# Task directions
Pictures should not appear in the copy; the records themselves must be written out exactly.

***

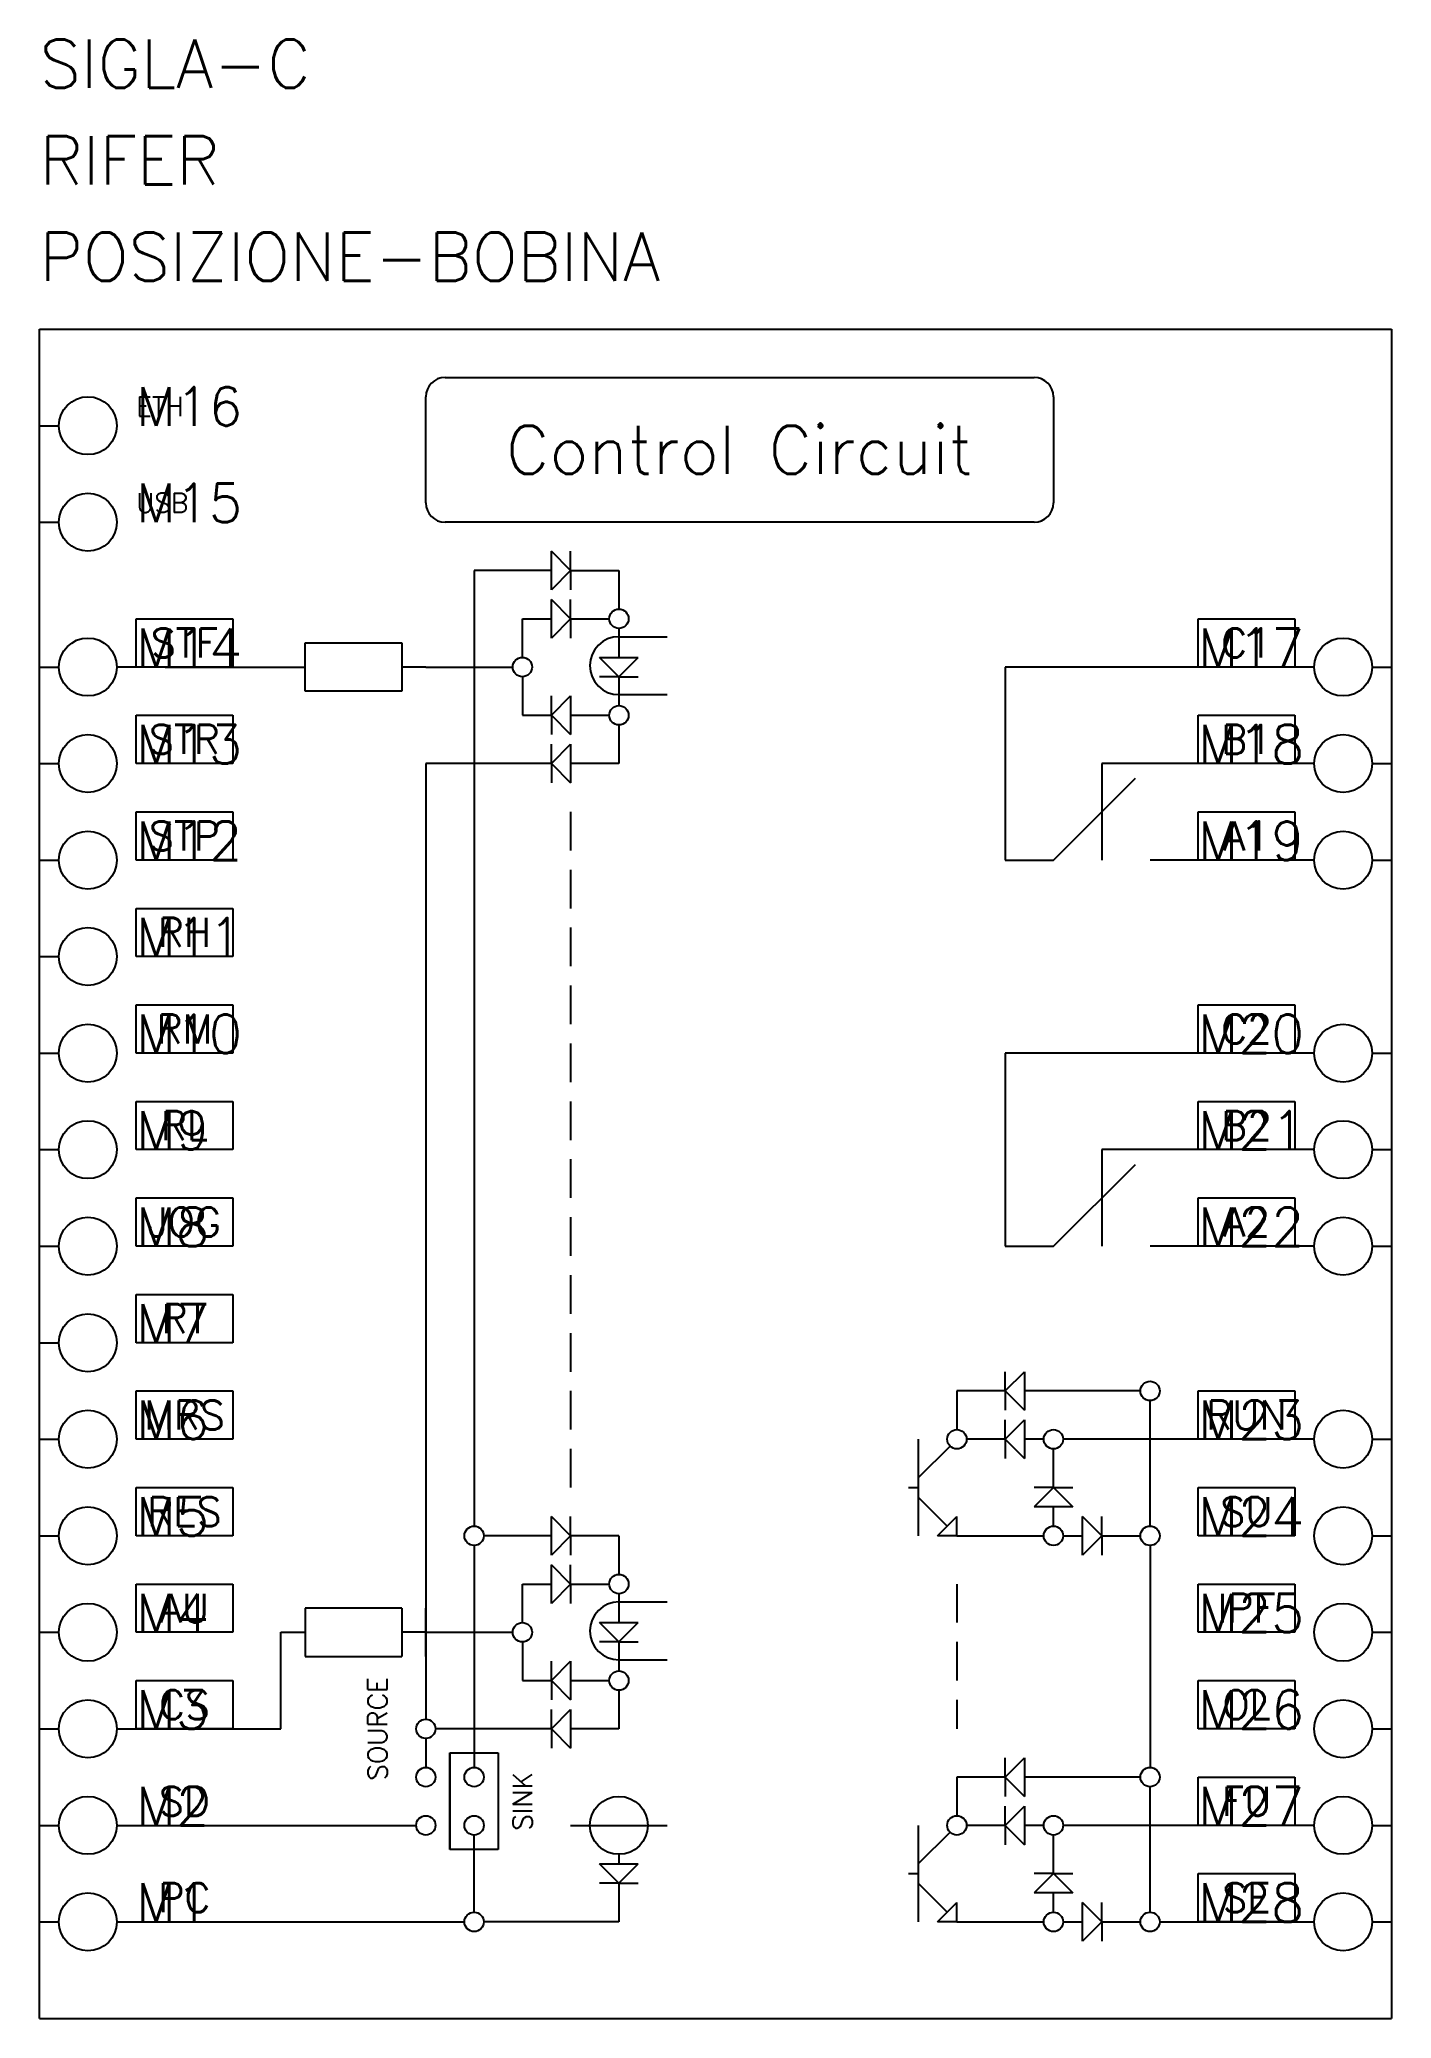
# Model space of a CAD drawing. Extents: x 0 to 70, y 0 to 102.
import ezdxf

# ---------------------------------------------------------------- set-up
doc = ezdxf.new("R2010")
doc.units = 0
doc.header["$LTSCALE"] = 4
doc.linetypes.add('CONTINUA', pattern=[0])
doc.linetypes.add('DASHED', pattern=[0.75, 0.5, -0.25])
doc.layers.get('0').update_dxf_attribs({"linetype": 'CONTINUOUS'})
doc.styles.get("Standard").update_dxf_attribs({"font": 'romans.shx'})

msp = doc.modelspace()

# ---------------------------------------------------------------- linework, layer by layer
at = {"linetype": 'CONTINUA'}
for p, q in [((0, 0), (0, 87.5)), ((0, 87.5), (70, 87.5)), ((70, 87.5), (70, 0)), ((21, 85), (51.5, 85)), ((20, 78.5), (20, 84)), ((52.5, 84), (52.5, 78.5)), ((0, 82.5), (1, 82.5)), ((0, 77.5), (1, 77.5)), ((51.5, 77.5), (21, 77.5)), ((26.5, 74), (26.5, 76)), ((27.5, 75), (26.5, 76)), ((27.5, 75), (27.5, 76)), ((26.5, 75), (22.5, 75)), ((22.5, 75), (22.5, 62.5)), ((27.5, 75), (26.5, 74)), ((27.5, 75), (27.5, 74)), ((27.5, 75), (30, 75)), ((30, 75), (30, 73)), ((26.5, 71.5), (26.5, 73.5)), ((27.5, 72.5), (26.5, 73.5)), ((27.5, 72.5), (27.5, 73.5)), ((5, 70), (5, 72.5)), ((5, 72.5), (10, 72.5)), ((10, 72.5), (10, 70)), ((25, 70.5), (25, 72.5)), ((25, 72.5), (26.5, 72.5)), ((27.5, 72.5), (26.5, 71.5)), ((27.5, 72.5), (29.5, 72.5)), ((27.5, 72.5), (27.5, 71.5)), ((30, 72), (30, 70.5)), ((60, 70), (60, 72.5)), ((60, 72.5), (65, 72.5)), ((65, 72.5), (65, 70)), ((13.75, 68.75), (13.75, 71.25)), ((13.75, 71.25), (18.75, 71.25)), ((18.75, 71.25), (18.75, 68.75)), ((30, 71.57), (32.5, 71.57)), ((0, 70), (1, 70)), ((5, 70), (4, 70)), ((10, 70), (5, 70)), ((6.5, 70), (13.75, 70)), ((20, 70), (18.75, 70)), ((20, 70), (22.5, 70)), ((22.5, 70), (24.5, 70)), ((29, 70.5), (31, 70.5)), ((30, 69.5), (29, 70.5)), ((30, 69.5), (31, 70.5)), ((66, 70), (50, 70)), ((50, 70), (50, 60)), ((65, 70), (60, 70)), ((69, 70), (70, 70)), ((18.75, 68.75), (13.75, 68.75)), ((25, 69.5), (25, 67.5)), ((30, 69.5), (29, 69.5)), ((30, 69.5), (30, 68)), ((30, 69.5), (31, 69.5)), ((26.5, 67.5), (27.5, 68.5)), ((26.5, 67.5), (26.5, 68.5)), ((27.5, 68.5), (27.5, 66.5)), ((30, 68.57), (32.5, 68.57)), ((5, 65), (5, 67.5)), ((5, 67.5), (10, 67.5)), ((10, 67.5), (10, 65)), ((25, 67.5), (26.5, 67.5)), ((26.5, 67.5), (27.5, 66.5)), ((26.5, 67.5), (26.5, 66.5)), ((27.5, 67.5), (29.5, 67.5)), ((30, 67), (30, 65)), ((60, 65), (60, 67.5)), ((60, 67.5), (65, 67.5)), ((65, 67.5), (65, 65)), ((26.5, 65), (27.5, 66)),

***

# Reply
# Model space of a CAD drawing. Extents: x 0 to 70, y 0 to 102.
import ezdxf

# ---------------------------------------------------------------- set-up
doc = ezdxf.new("R2010")
doc.units = 0
doc.header["$LTSCALE"] = 4
doc.linetypes.add('CONTINUA', pattern=[0])
doc.linetypes.add('DASHED', pattern=[0.75, 0.5, -0.25])
doc.layers.get('0').update_dxf_attribs({"linetype": 'CONTINUOUS'})
doc.styles.get("Standard").update_dxf_attribs({"font": 'romans.shx'})

msp = doc.modelspace()

# ---------------------------------------------------------------- linework, layer by layer
at = {"linetype": 'CONTINUA'}
for p, q in [((0, 0), (0, 87.5)), ((0, 87.5), (70, 87.5)), ((70, 87.5), (70, 0)), ((21, 85), (51.5, 85)), ((20, 78.5), (20, 84)), ((52.5, 84), (52.5, 78.5)), ((0, 82.5), (1, 82.5)), ((0, 77.5), (1, 77.5)), ((51.5, 77.5), (21, 77.5)), ((26.5, 74), (26.5, 76)), ((27.5, 75), (26.5, 76)), ((27.5, 75), (27.5, 76)), ((26.5, 75), (22.5, 75)), ((22.5, 75), (22.5, 62.5)), ((27.5, 75), (26.5, 74)), ((27.5, 75), (27.5, 74)), ((27.5, 75), (30, 75)), ((30, 75), (30, 73)), ((26.5, 71.5), (26.5, 73.5)), ((27.5, 72.5), (26.5, 73.5)), ((27.5, 72.5), (27.5, 73.5)), ((5, 70), (5, 72.5)), ((5, 72.5), (10, 72.5)), ((10, 72.5), (10, 70)), ((25, 70.5), (25, 72.5)), ((25, 72.5), (26.5, 72.5)), ((27.5, 72.5), (26.5, 71.5)), ((27.5, 72.5), (29.5, 72.5)), ((27.5, 72.5), (27.5, 71.5)), ((30, 72), (30, 70.5)), ((60, 70), (60, 72.5)), ((60, 72.5), (65, 72.5)), ((65, 72.5), (65, 70)), ((13.75, 68.75), (13.75, 71.25)), ((13.75, 71.25), (18.75, 71.25)), ((18.75, 71.25), (18.75, 68.75)), ((30, 71.57), (32.5, 71.57)), ((0, 70), (1, 70)), ((5, 70), (4, 70)), ((10, 70), (5, 70)), ((6.5, 70), (13.75, 70)), ((20, 70), (18.75, 70)), ((20, 70), (22.5, 70)), ((22.5, 70), (24.5, 70)), ((29, 70.5), (31, 70.5)), ((30, 69.5), (29, 70.5)), ((30, 69.5), (31, 70.5)), ((66, 70), (50, 70)), ((50, 70), (50, 60)), ((65, 70), (60, 70)), ((69, 70), (70, 70)), ((18.75, 68.75), (13.75, 68.75)), ((25, 69.5), (25, 67.5)), ((30, 69.5), (29, 69.5)), ((30, 69.5), (30, 68)), ((30, 69.5), (31, 69.5)), ((26.5, 67.5), (27.5, 68.5)), ((26.5, 67.5), (26.5, 68.5)), ((27.5, 68.5), (27.5, 66.5)), ((30, 68.57), (32.5, 68.57)), ((5, 65), (5, 67.5)), ((5, 67.5), (10, 67.5)), ((10, 67.5), (10, 65)), ((25, 67.5), (26.5, 67.5)), ((26.5, 67.5), (27.5, 66.5)), ((26.5, 67.5), (26.5, 66.5)), ((27.5, 67.5), (29.5, 67.5)), ((30, 67), (30, 65)), ((60, 65), (60, 67.5)), ((60, 67.5), (65, 67.5)), ((65, 67.5), (65, 65)), ((26.5, 65), (27.5, 66)),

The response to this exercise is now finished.